With the exception of a few worries turning up in my head from time to time (which I then share with you ), my first and foremost goal is to write the story I really want to read but can't because it hasn't been written yet. 

My general feeling is that writing what I want to read is the best way to write something good. I'm also aware of the fact that many books that are good by objective standards aren't what I like to read while I like many things which don't seem to be too popular and aren't recommended. Beginnings with plenty of exposition and a character who slowly learns and "info dumps" about history, magic and family background come to my mind. If I like a book, I want to know as much as I possibly can. 
I'm aware that I shoud keep the latter to a minimum but with the first I'm still unsure as my thread on this topic shows. 
Still, beginnings starting in the middle of the action don't do anything for me. Yes, they're fighting Orcs/Zombies... but why should I care? It's like zapping into an action movie which doesn't interest me either if I haven't been following it from the start.

Taste varies greatly as we all know but I see some technics which are definitely more popular at the moment than others. Do you read through such advice threads or articles and follow the advice given there if it's contrary to what you would write on your own? Just curious.


----------



## Telcontar (Apr 2, 2012)

Amanita said:


> I'm also aware of the fact that many books that are good by objective standards aren't what I like to read...



I'm not sure I believe in any such 'objective standards.' There is only what you do like, and what you do not like. Just because your own tastes happen to lie outside the general boundaries of the majority's tastes doesn't mean that their standards are objective in any way. It just means they are more common.

Recommendations tend to focus on money. The most successful people cater to the largest audiences. However, one would assume they are also a part of that audience - they really do like what they create. They aren't just pretending to cash in. 

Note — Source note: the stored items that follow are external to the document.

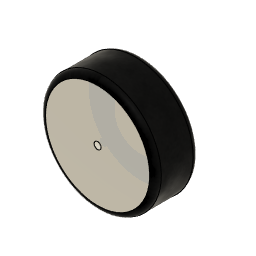
Robot v42 (Autodesk Fusion 360 archive; units mm, degrees)
design "Roues"
Autodesk Fusion 360 part; units mm, degrees
sketch "Esquisse1" plane through (0, 0, 0) normal (0, 1, 0) x (1, 0, 0)
  circle A0 centre (0, 0) radius 20
  circle A1 centre (0, 0) radius 3.1
  line L0 (-2.1, -2.2804) -> (-2.1, 2.2804)
  line L1 (2.1, -2.2804) -> (2.1, 2.2804)
  line L2 (0, 0) -> (0, -3.1) construction
  line L3 (0, 0) -> (0, 3.1) construction
  dimension "d1" = 40
  dimension "d4" = 6.2
  dimension "d5" = 4.2
  constraint coincident A0.centre A1.centre
  constraint concentric A0 A1
  constraint coincident A1 L0.start
  constraint coincident A1 L0.end
  constraint vertical L0
  constraint coincident A1 L1.start
  constraint coincident A1 L1.end
  constraint parallel L0 L1
  constraint coincident A1 L2.end
  constraint parallel L1 L2
  constraint coincident A1 L3.end
  constraint parallel L2 L3
  constraint symmetric L0 L1 L2
  measures "d1" diameter of A0
  measures "d4" diameter of A1
  measures "d5" distance of L0 L1
extrude "Extrusion1" add sketch "Esquisse1" along normal blind 7 contours A0 | A1 L1 | A1 L0
sketch "Esquisse2" plane through (0, 0, 0) normal (0, -1, 0) x (1, 0, 0)
  arc A0 (2.1, 2.2804) -> (-2.1, 2.2804) centre (0, 0) ccw
  line L0 (2.1, 2.2804) -> (2.1, -2.2804)
  arc A1 (-2.1, -2.2804) -> (2.1, -2.2804) centre (0, 0) ccw
  line L1 (-2.1, -2.2804) -> (-2.1, 2.2804)
  circle A2 centre (0, 0) radius 20
  constraint coincident A0.centre A1.centre
extrude "Extrusion2" add sketch "Esquisse2" against normal blind 4 contours A0 L0 A1 L1
hole "Perçage1" at (0, 0, 0) direction (0, 1, 0) diameter 2.4 depth 23 tip angle 118
sketch "Esquisse3" plane through (0, 7, 0) normal (0, 1, 0) x (-1, 0, 0)
  arc A0 (2.1, 2.2804) -> (-2.1, 2.2804) centre (0, 0) ccw
  line L0 (2.1, 2.2804) -> (2.1, -2.2804)
  arc A1 (-2.1, -2.2804) -> (2.1, -2.2804) centre (0, 0) ccw
  line L1 (-2.1, -2.2804) -> (-2.1, 2.2804)
  circle A2 centre (0, 0) radius 20
  arc A3 (2.1, 2.2804) -> (-2.1, 2.2804) centre (0, 0) ccw
  line L2 (-2.1, 2.2804) -> (-2.1, -2.2804)
  arc A4 (-2.1, -2.2804) -> (2.1, -2.2804) centre (0, 0) ccw
  line L3 (2.1, -2.2804) -> (2.1, 2.2804)
  arc A5 (-3.1, -2.6833) -> (3.1, -2.6833) centre (0, 0) ccw
  line L4 (3.1, 2.6833) -> (3.1, -2.6833)
  arc A6 (3.1, 2.6833) -> (-3.1, 2.6833) centre (0, 0) ccw
  line L5 (-3.1, -2.6833) -> (-3.1, 2.6833)
  circle A7 centre (0, 0) radius 1.2
  dimension "d11" = -1
extrude "Extrusion3" add sketch "Esquisse3" along normal blind 6 contours A5 L4 A6 L5
fillet "Congé1" radius 2 4 edges at (3.1, 10, 2.6833) (3.1, 10, -2.6833) (-3.1, 10, 2.6833) (-3.1, 10, -2.6833)
fillet "Congé2" radius 6 8 edges at (3.1, 7, 0) (2.8457, 7, 2.7648) (0, 7, 4.1) (-2.8457, 7, 2.7648) (-3.1, 7, 0) (-2.8457, 7, -2.7648) (0, 7, -4.1) (2.8457, 7, -2.7648)
sketch "Esquisse4" plane through (0, 7, 0) normal (0, 1, 0) x (-1, 0, 0)
  circle A0 centre (0, 0) radius 20
  line L0 (-9.1, -1.7889) -> (-9.1, 1.7889)
  arc A1 (-5.2905, 8.6035) -> (-9.1, 1.7889) centre (-1.1, 1.7889) ccw
  arc A2 (5.2905, 8.6035) -> (-5.2905, 8.6035) centre (0, 0) ccw
  arc A3 (9.1, 1.7889) -> (5.2905, 8.6035) centre (1.1, 1.7889) ccw
  line L1 (9.1, 1.7889) -> (9.1, -1.7889)
  arc A4 (5.2905, -8.6035) -> (9.1, -1.7889) centre (1.1, -1.7889) ccw
  arc A5 (-5.2905, -8.6035) -> (5.2905, -8.6035) centre (0, 0) ccw
  arc A6 (-9.1, -1.7889) -> (-5.2905, -8.6035) centre (-1.1, -1.7889) ccw
  circle A7 centre (0, 0) radius 20
  circle A8 centre (0, 0) radius 10.25
  line L2 (0, 0) -> (0, 20) construction
  line L3 (0, 10.25) -> (0, 20) construction
  circle A9 centre (0, 0) radius 18
  line L4 (2.5, 12) -> (2.5, 16)
  arc A10 (2.5, 16) -> (-2.5, 16) centre (0, 16) ccw
  line L5 (-2.5, 16) -> (-2.5, 12)
  arc A11 (-2.5, 12) -> (2.5, 12) centre (0, 12) ccw
  line L6 (0, 12) -> (0, 16) construction
  arc A12 (-1.5, 12) -> (1.5, 12) centre (0, 12) ccw
  line L7 (1.5, 12) -> (1.5, 16)
  arc A13 (1.5, 16) -> (-1.5, 16) centre (0, 16) ccw
  line L8 (-1.5, 16) -> (-1.5, 12)
  line L9 (-15.9894, 2.5666) -> (-12.1852, 1.3306)
  line L10 (-15.6804, 3.5177) -> (-11.8762, 2.2816)
  arc A14 (-14.7534, 6.3709) -> (-15.6804, 3.5177) centre (-15.2169, 4.9443) ccw
  arc A15 (-14.4444, 7.3219) -> (-15.9894, 2.5666) centre (-15.2169, 4.9443) ccw
  line L11 (-10.6401, 6.0858) -> (-14.4444, 7.3219)
  line L12 (-10.9492, 5.1348) -> (-14.7534, 6.3709)
  arc A16 (-11.8762, 2.2816) -> (-10.9492, 5.1348) centre (-11.4127, 3.7082) ccw
  arc A17 (-12.1852, 1.3306) -> (-10.6401, 6.0858) centre (-11.4127, 3.7082) ccw
  line L13 (-7.382, -14.4137) -> (-5.0309, -11.1777)
  line L14 (-8.191, -13.8259) -> (-5.8399, -10.5899)
  arc A18 (-10.6181, -12.0626) -> (-8.191, -13.8259) centre (-9.4046, -12.9443) ccw
  arc A19 (-11.4271, -11.4748) -> (-7.382, -14.4137) centre (-9.4046, -12.9443) ccw
  line L15 (-9.076, -8.2387) -> (-11.4271, -11.4748)
  line L16 (-8.2669, -8.8265) -> (-10.6181, -12.0626)
  arc A20 (-5.8399, -10.5899) -> (-8.2669, -8.8265) centre (-7.0534, -9.7082) ccw
  arc A21 (-5.0309, -11.1777) -> (-9.076, -8.2387) centre (-7.0534, -9.7082) ccw
  line L17 (11.4271, -11.4748) -> (9.076, -8.2387)
  line L18 (10.6181, -12.0626) -> (8.2669, -8.8265)
  arc A22 (8.191, -13.8259) -> (10.6181, -12.0626) centre (9.4046, -12.9443) ccw
  arc A23 (7.382, -14.4137) -> (11.4271, -11.4748) centre (9.4046, -12.9443) ccw
  line L19 (5.0309, -11.1777) -> (7.382, -14.4137)
  line L20 (5.8399, -10.5899) -> (8.191, -13.8259)
  arc A24 (8.2669, -8.8265) -> (5.8399, -10.5899) centre (7.0534, -9.7082) ccw
  arc A25 (9.076, -8.2387) -> (5.0309, -11.1777) centre (7.0534, -9.7082) ccw
  line L21 (14.4444, 7.3219) -> (10.6401, 6.0858)
  line L22 (14.7534, 6.3709) -> (10.9492, 5.1348)
  arc A26 (15.6804, 3.5177) -> (14.7534, 6.3709) centre (15.2169, 4.9443) ccw
  arc A27 (15.9894, 2.5666) -> (14.4444, 7.3219) centre (15.2169, 4.9443) ccw
  line L23 (12.1852, 1.3306) -> (15.9894, 2.5666)
  line L24 (11.8762, 2.2816) -> (15.6804, 3.5177)
  arc A28 (10.9492, 5.1348) -> (11.8762, 2.2816) centre (11.4127, 3.7082) ccw
  arc A29 (10.6401, 6.0858) -> (12.1852, 1.3306) centre (11.4127, 3.7082) ccw
  dimension "d18" = 20.5
  dimension "d19" = -2
  dimension "d20" = 16
  dimension "d21" = 12
  dimension "d22" = 5
  dimension "d23" = -1
  dimension "d25" = 360
  constraint concentric A7 A8
  constraint coincident A0.centre A2.centre
  constraint coincident A7 L2.end
  constraint vertical L2
  constraint coincident A8 L3.start
  constraint coincident L2 L3.start
  constraint tangent L4 A10
  constraint tangent A10 L5
  constraint parallel L4 L5
  constraint tangent L5 A11
  constraint tangent L4 A11
  constraint coincident L2 A10.centre
  constraint parallel L2 L6
  measures "d18" diameter of A8
  measures "d20" distance of A0.centre A10.centre
  measures "d21" distance of A0.centre A11.centre
  measures "d22" distance of L4 L5
extrude "Extrusion5" add 1 faces at (13.6578, 0, 1.0235) along direction (0, -1, 0) blind 3
extrude "Extrusion6" add 1 faces at (13.6578, -3, 1.0235) along direction (0, -1, 0) blind 5
extrude "Extrusion7" cut 1 faces at (-1.7989, 4, 0.0299) along direction (0, -1, 0) blind 10
fillet "Congé4" radius 2 2 edges at (-18.6465, -8, -7.2323) (-18.6465, 7, 7.2323)

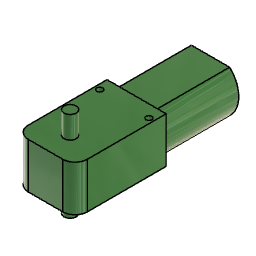
design "Moteur dc"
Autodesk Fusion 360 part; units mm, degrees
sketch "Esquisse1" plane through (0, 0, 0) normal (0, 1, 0) x (1, 0, 0)
  circle A0 centre (0, 0) radius 11.5
  line L0 (-7.746, 8.5) -> (7.746, 8.5)
  line L1 (-7.746, -8.5) -> (7.746, -8.5)
  line L2 (0, 0) -> (-11.5, 0) construction
  line L3 (0, 0) -> (11.5, 0) construction
  dimension "d1" = 23
  dimension "d2" = 17
  constraint coincident A0.centre L2.start
  constraint coincident A0 L0.start
  constraint coincident A0 L0.end
  constraint horizontal L0
  constraint coincident A0 L1.start
  constraint coincident A0 L1.end
  constraint parallel L0 L1
  constraint coincident A0 L2.end
  constraint horizontal L2
  constraint coincident A0 L3.end
  constraint parallel L2 L3
  constraint symmetric L0 L1 L3
  measures "d1" diameter of A0
  measures "d2" distance of L0 L1
extrude "Extrusion1" add sketch "Esquisse1" along normal blind 30 contours A0 L0 L1
sketch "Esquisse2" plane through (0, 0, 0) normal (0, -1, 0) x (1, 0, 0)
  arc A0 (-7.746, 8.5) -> (-7.746, -8.5) centre (0, 0) ccw
  line L0 (-7.746, -8.5) -> (7.746, -8.5)
  arc A1 (7.746, -8.5) -> (7.746, 8.5) centre (0, 0) ccw
  line L1 (7.746, 8.5) -> (-7.746, 8.5)
  line L2 (12, 9.25) -> (-12, 9.25)
  line L3 (-12, 9.25) -> (-12, -9.25)
  line L4 (-12, -9.25) -> (12, -9.25)
  line L5 (12, -9.25) -> (12, 9.25)
  line L6 (12, 9.25) -> (-12, -9.25) construction
  line L7 (-12, 9.25) -> (12, -9.25) construction
  dimension "d5" = 18.5
  dimension "d6" = 24
  constraint horizontal L2
  constraint perpendicular L2 L3
  constraint parallel L2 L4
  constraint parallel L3 L5
  constraint coincident L6 A0.centre
  constraint coincident L7 A0.centre
  constraint coincident A0.centre A1.centre
  measures "d5" distance of L2.end L3.end
  measures "d6" distance of L2.start L2.end
extrude "Extrusion2" add sketch "Esquisse2" along normal blind 37 contours A0 L0 A1 L1 | L2 L3 L4 L5
fillet "Congé1" radius 5 2 edges at (12, -37, 0) (-12, -37, 0)
sketch "Esquisse3" plane through (0, 0, 9.25) normal (0, 0, 1) x (-1, 0, 0)
  arc A0 (12, 32) -> (7, 37) centre (7, 32) ccw
  line L0 (7, 37) -> (-7, 37)
  arc A1 (-7, 37) -> (-12, 32) centre (-7, 32) ccw
  line L1 (-12, 32) -> (-12, 0)
  line L2 (-12, 0) -> (12, 0)
  line L3 (12, 0) -> (12, 32)
  line L4 (12, 27) -> (-12, 27) construction
  circle A2 centre (0, 27) radius 2.5
  dimension "d11" = 10
  dimension "d12" = 5
  constraint coincident L3 L4.start
  constraint coincident L1 L4.end
  constraint perpendicular L1 L4
  constraint midpoint L4 A2.centre
  measures "d11" distance of L0 L4
  measures "d12" diameter of A2
extrude "Extrusion3" add sketch "Esquisse3" along normal blind 9 contours A2
ref_plane "Plan de construction1" through (0, -18.5, 0) normal (0, 0, 1) x (-1, 0, 0)
mirror "Symétrie miroir1" about plane through (0, -18.5, 0) normal (0, 0, 1) of "Extrusion3"
sketch "Esquisse4" plane through (0, 0, 9.25) normal (0, 0, 1) x (-1, 0, 0)
  circle A0 centre (0, 27) radius 2.5
  arc A1 (12, 32) -> (7, 37) centre (7, 32) ccw
  line L0 (7, 37) -> (-7, 37)
  arc A2 (-7, 37) -> (-12, 32) centre (-7, 32) ccw
  line L1 (-12, 32) -> (-12, 0)
  line L2 (-12, 0) -> (12, 0)
  line L3 (12, 0) -> (12, 32)
  line L4 (12, 5) -> (-12, 5) construction
  line L5 (-12, 0) -> (12, 0)
  line L6 (0, 0) -> (0, 37) construction
  point P0 (10, 5)
  point P1 (-10, 5)
  dimension "d17" = 5
  dimension "d18" = 2
  constraint coincident L3 L4.start
  constraint coincident L1 L4.end
  constraint perpendicular L1 L4
  constraint coincident L6.start origin
  constraint midpoint L0 L6.end
  constraint coincident L4 P0
  constraint symmetric L6 P0 P1
  measures "d17" distance of L4 L5
  measures "d18" distance of L3 P0
hole "Perçage1" at (-10, -5, 9.25) at (10, -5, 9.25) direction (0, 0, -1) diameter 2.4 depth 42 tip angle 118
sketch "Esquisse5" plane through (0, 0, 9.25) normal (0, 0, 1) x (-1, 0, 0)
  circle A0 centre (10, 5) radius 1.2
  circle A1 centre (-10, 5) radius 1.2
  circle A2 centre (0, 27) radius 2.5
  arc A3 (12, 32) -> (7, 37) centre (7, 32) ccw
  line L0 (7, 37) -> (-7, 37)
  arc A4 (-7, 37) -> (-12, 32) centre (-7, 32) ccw
  line L1 (-12, 32) -> (-12, 0)
  line L2 (-12, 0) -> (12, 0)
  line L3 (12, 0) -> (12, 32)
  line L4 (7.746, 0) -> (-7.746, 0)
  line L5 (-7.746, 0) -> (-7.746, -30)
  line L6 (-7.746, -30) -> (7.746, -30)
  line L7 (7.746, -30) -> (7.746, 0)
  line L8 (-7, 37) -> (7, 37)
  line L9 (0, -30) -> (0, 37)
  circle A5 centre (0, 27) radius 2.5
  point P0 (0, 3.5)
  dimension "d22" = 10
  dimension "d23" = 1.5
  dimension "d24" = 1.5
  dimension "d25" = 12
  dimension "d26" = 23.5
  dimension "d26" = 23.5
  constraint midpoint L6 L9.start
  constraint midpoint L8 L9.end
  constraint midpoint L9 P0
  measures "d22" horizontal distance of A0.centre P0
  measures "d23" vertical distance of A0.centre P0
  measures "d24" vertical distance of A1.centre P0
  measures "d25" distance of L3 P0
  measures "d26" distance of A2.centre P0

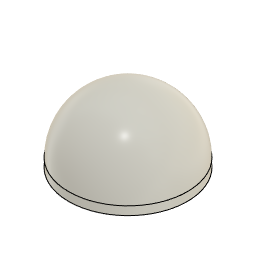
design "Bille"
Autodesk Fusion 360 part; units mm, degrees
sketch "Esquisse1" plane through (0, 0, 0) normal (0, 0, 1) x (1, 0, 0)
  circle A0 centre (0, 0) radius 7
  line L0 (0, 0) -> (0, 7)
  line L1 (0, 0) -> (0, -7)
  dimension "d1" = 14
  constraint coincident A0.centre L0.start
  constraint coincident A0 L0.end
  constraint vertical L0
  constraint coincident A0 L1.end
  constraint parallel L0 L1
  measures "d1" diameter of A0
revolve "Révolution1" add sketch "Esquisse1" angle 180 about axis through (0, 0, 0) along (0, 1, 0) contours A0 L0 L1 picked at (-0.3478, -4.6406)
extrude "Extrusion1" add 2 faces at (-0.3478, -4.6406, 0) (0.3478, -4.6406, 0) along direction (0, 0, -1) blind 1
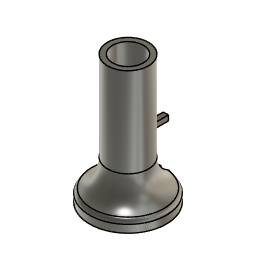
Pawn bottom part (Autodesk Fusion 360 design; units mm, degrees)
Autodesk Fusion 360 part; units mm, degrees
sketch "Sketch1" plane through (0, 0, 0) normal (0, 0, 1) x (1, 0, 0)
  circle A0 centre (0, 0) radius 15
  constraint coincident A0.centre origin
extrude "Extrude1" add sketch "Sketch1" along normal blind 5 makes body 1
sketch "Sketch2" plane through (0, 0, 5) normal (0, 0, 1) x (-1, 0, 0)
  circle A0 centre (0, 0) radius 15
  circle A1 centre (0, 0) radius 8
  constraint coincident A0.centre A1.centre
extrude "Extrude2" add sketch "Sketch2" along normal blind 45 contours A1 bodies 1
fillet "Fillet1" radius 2 1 edges at (-13.9849, -5.4242, 5) on bodies 1
fillet "Fillet2" radius 12 1 edges at (7.4586, -2.8929, 5) on bodies 1
shell "Shell1" thickness 2 removed faces 1 at (-1.8969, -2.8445, 50) on bodies 1
sketch "Sketch3" plane through (0, 0, 0) normal (0, 0, 1) x (1, 0, 0)
  circle A0 centre (40, 0) radius 2
  circle A1 centre (40, 0) radius 6
  constraint concentric A0 A1
extrude "Extrude3" add sketch "Sketch3" along normal blind 2 separate body makes body 2
move_body "Move1" bodies 2 to x (1, 0, 0) y (0, 1, 0) z (0, 0, 1) at (0, 0, 27)
move_body "Move2" bodies 2 to x (1, 0, 0) y (0, 1, 0) z (0, 0, 1) at (-40, 0, 0)
combine "Combine1" operation add target body 2 tool bodies 1
sketch "Sketch4" plane through (0, 0, 0) normal (0, 1, 0) x (1, 0, 0)
  line L0 (0, -2) -> (1.75, -2)
  line L1 (1.75, -2) -> (1.75, -24)
  line L2 (1.75, -24) -> (0, -24)
  line L3 (0, -2) -> (-1.75, -2)
  line L4 (-1.75, -2) -> (-1.75, -24)
  line L5 (-1.75, -24) -> (0, -24)
  dimension "d12" = 1.75
  dimension "d13" = 22
  dimension "d14" = 22
  constraint horizontal L0
  constraint vertical L1
  constraint horizontal L2
  constraint horizontal L3
  constraint vertical L4
  constraint horizontal L5
  measures "d12" distance of L0.start L0.end
  measures "d13" distance of L0.start L2.end
  measures "d14" distance of L0.start L2.end
extrude "Extrude4" cut sketch "Sketch4" along normal blind 15 bodies 2
sketch "Sketch5" plane through (0, 0, 0) normal (1, 0, 0) x (0, 1, 0)
  line L0 (35, 2) -> (35, 22.5)
  line L1 (35, 22.5) -> (42, 22.5)
  line L2 (42, 22.5) -> (42, 20.5)
  line L3 (42, 20.5) -> (35, 20.5)
  line L4 (35, 20.5) -> (35, 22.5)
  line L5 (35, 22.5) -> (33, 22.5)
  line L6 (33, 22.5) -> (33, 2)
  line L7 (33, 2) -> (35, 2)
  line L8 (33, 22.5) -> (33, 19)
  line L9 (33, 19) -> (29.5, 19)
  line L10 (33, 22.5) -> (29.5, 19)
  dimension "d17" = 20.5
  dimension "d18" = 7
  dimension "d19" = 2
  dimension "d20" = 3.5
  dimension "d21" = 3.5
  constraint vertical L0
  constraint horizontal L1
  constraint vertical L2
  constraint horizontal L3
  constraint vertical L4
  constraint perpendicular L0 L5
  constraint perpendicular L5 L6
  constraint perpendicular L0 L7
  constraint perpendicular L5 L8
  constraint perpendicular L6 L9
  measures "d17" distance of L0.start L0.end
  measures "d18" distance of L0.end L1.end
  measures "d19" distance of L0.end L3.end
  measures "d20" distance of L5.end L8.end
  measures "d21" distance of L8.end L9.end
extrude "Extrude5" add sketch "Sketch5" along normal blind 2 separate body makes body 3
move_body "Move3" bodies 3 to x (1, 0, 0) y (0, 1, 0) z (0, 0, 1) at (-1, -27.2, 0)
combine "Combine2" operation add target body 3 tool bodies 2
Autodesk Fusion 360 part; units mm, degrees
(part 2 of 2)
  arc A190 (-205, -267.5) -> (-205, -272.5) centre (-205, -270) ccw
  line L195 (-205, -267.5) -> (-195, -267.5)
  arc A191 (-195, -272.5) -> (-195, -267.5) centre (-195, -270) ccw
  line L196 (-155, -272.5) -> (-165, -272.5)
  arc A192 (-165, -267.5) -> (-165, -272.5) centre (-165, -270) ccw
  line L197 (-165, -267.5) -> (-155, -267.5)
  arc A193 (-155, -272.5) -> (-155, -267.5) centre (-155, -270) ccw
  line L198 (-195, -312.5) -> (-205, -312.5)
  arc A194 (-205, -307.5) -> (-205, -312.5) centre (-205, -310) ccw
  line L199 (-205, -307.5) -> (-195, -307.5)
  arc A195 (-195, -312.5) -> (-195, -307.5) centre (-195, -310) ccw
  arc A196 (-255, -172.5) -> (-255, -167.5) centre (-255, -170) ccw
  line L200 (-255, -172.5) -> (-265, -172.5)
  arc A197 (-265, -167.5) -> (-265, -172.5) centre (-265, -170) ccw
  line L201 (-265, -167.5) -> (-255, -167.5)
  line L202 (-35, -312.5) -> (-45, -312.5)
  arc A198 (-45, -307.5) -> (-45, -312.5) centre (-45, -310) ccw
  line L203 (-45, -307.5) -> (-35, -307.5)
  arc A199 (-35, -312.5) -> (-35, -307.5) centre (-35, -310) ccw
  arc A200 (-215, -52.5) -> (-215, -47.5) centre (-215, -50) ccw
  line L204 (-215, -52.5) -> (-225, -52.5)
  arc A201 (-225, -47.5) -> (-225, -52.5) centre (-225, -50) ccw
  line L205 (-225, -47.5) -> (-215, -47.5)
  arc A202 (-55, -252.5) -> (-55, -247.5) centre (-55, -250) ccw
  line L206 (-55, -252.5) -> (-65, -252.5)
  arc A203 (-65, -247.5) -> (-65, -252.5) centre (-65, -250) ccw
  line L207 (-65, -247.5) -> (-55, -247.5)
  arc A204 (-175, -92.5) -> (-175, -87.5) centre (-175, -90) ccw
  line L208 (-175, -92.5) -> (-185, -92.5)
  arc A205 (-185, -87.5) -> (-185, -92.5) centre (-185, -90) ccw
  line L209 (-185, -87.5) -> (-175, -87.5)
  arc A206 (-55, -132.5) -> (-55, -127.5) centre (-55, -130) ccw
  line L210 (-55, -132.5) -> (-65, -132.5)
  arc A207 (-65, -127.5) -> (-65, -132.5) centre (-65, -130) ccw
  line L211 (-65, -127.5) -> (-55, -127.5)
  arc A208 (-95, -292.5) -> (-95, -287.5) centre (-95, -290) ccw
  line L212 (-95, -292.5) -> (-105, -292.5)
  arc A209 (-105, -287.5) -> (-105, -292.5) centre (-105, -290) ccw
  line L213 (-105, -287.5) -> (-95, -287.5)
  arc A210 (-255, -12.5) -> (-255, -7.5) centre (-255, -10) ccw
  line L214 (-255, -12.5) -> (-265, -12.5)
  arc A211 (-265, -7.5) -> (-265, -12.5) centre (-265, -10) ccw
  line L215 (-265, -7.5) -> (-255, -7.5)
  circle A212 centre (-165, -145) radius 4.5
  circle A213 centre (-90, -120) radius 4.5
  circle A214 centre (-165, -195) radius 4.5
  circle A215 centre (-190, -120) radius 4.5
  circle A216 centre (-115, -145) radius 4.5
  circle A217 centre (-190, -220) radius 4.5
  circle A218 centre (-90, -220) radius 4.5
  circle A219 centre (-115, -195) radius 4.5
  arc A220 (0, -8) -> (-8, 0) centre (-8, -8) ccw
  line L216 (-8, 0) -> (-272, 0)
  arc A221 (-272, 0) -> (-280, -8) centre (-272, -8) ccw
  line L217 (-280, -8) -> (-280, -332)
  arc A222 (-280, -332) -> (-272, -340) centre (-272, -332) ccw
  line L218 (-272, -340) -> (-8, -340)
  arc A223 (-8, -340) -> (0, -332) centre (-8, -332) ccw
  line L219 (0, -332) -> (0, -8)
equation "hole_size = 9 mm"
equation "d10 = hole_size"
named bodies: "SkadisVesaHolder"

If you don't happen to be a part of that large audience, then you probably shouldn't try and create what it wants. Your own audience is composed of people like you. There may be fewer of them, but they're still out there. They're wishing someone like _them_ would create something _they_ love.

So get on it. 

As to the explicit question: No, I generally don't read advice threads anymore. Every now and then, if a certain comment seems particularly insightful, I'll keep reading. In general though I've found most advice I read these days simply rehashes things I already know.


----------



## Benjamin Clayborne (Apr 2, 2012)

Write to meet your goals.

If your goal is to be a popular, successful writer, then it may serve you to focus on what the market will buy rather than what you'd enjoy writing or reading.

My goal is to be "successful enough," that is, to have published works and at least a small fan base. With that in mind, I write exactly what I would want to read; I have no interest (and no need) to try to pander in the slightest.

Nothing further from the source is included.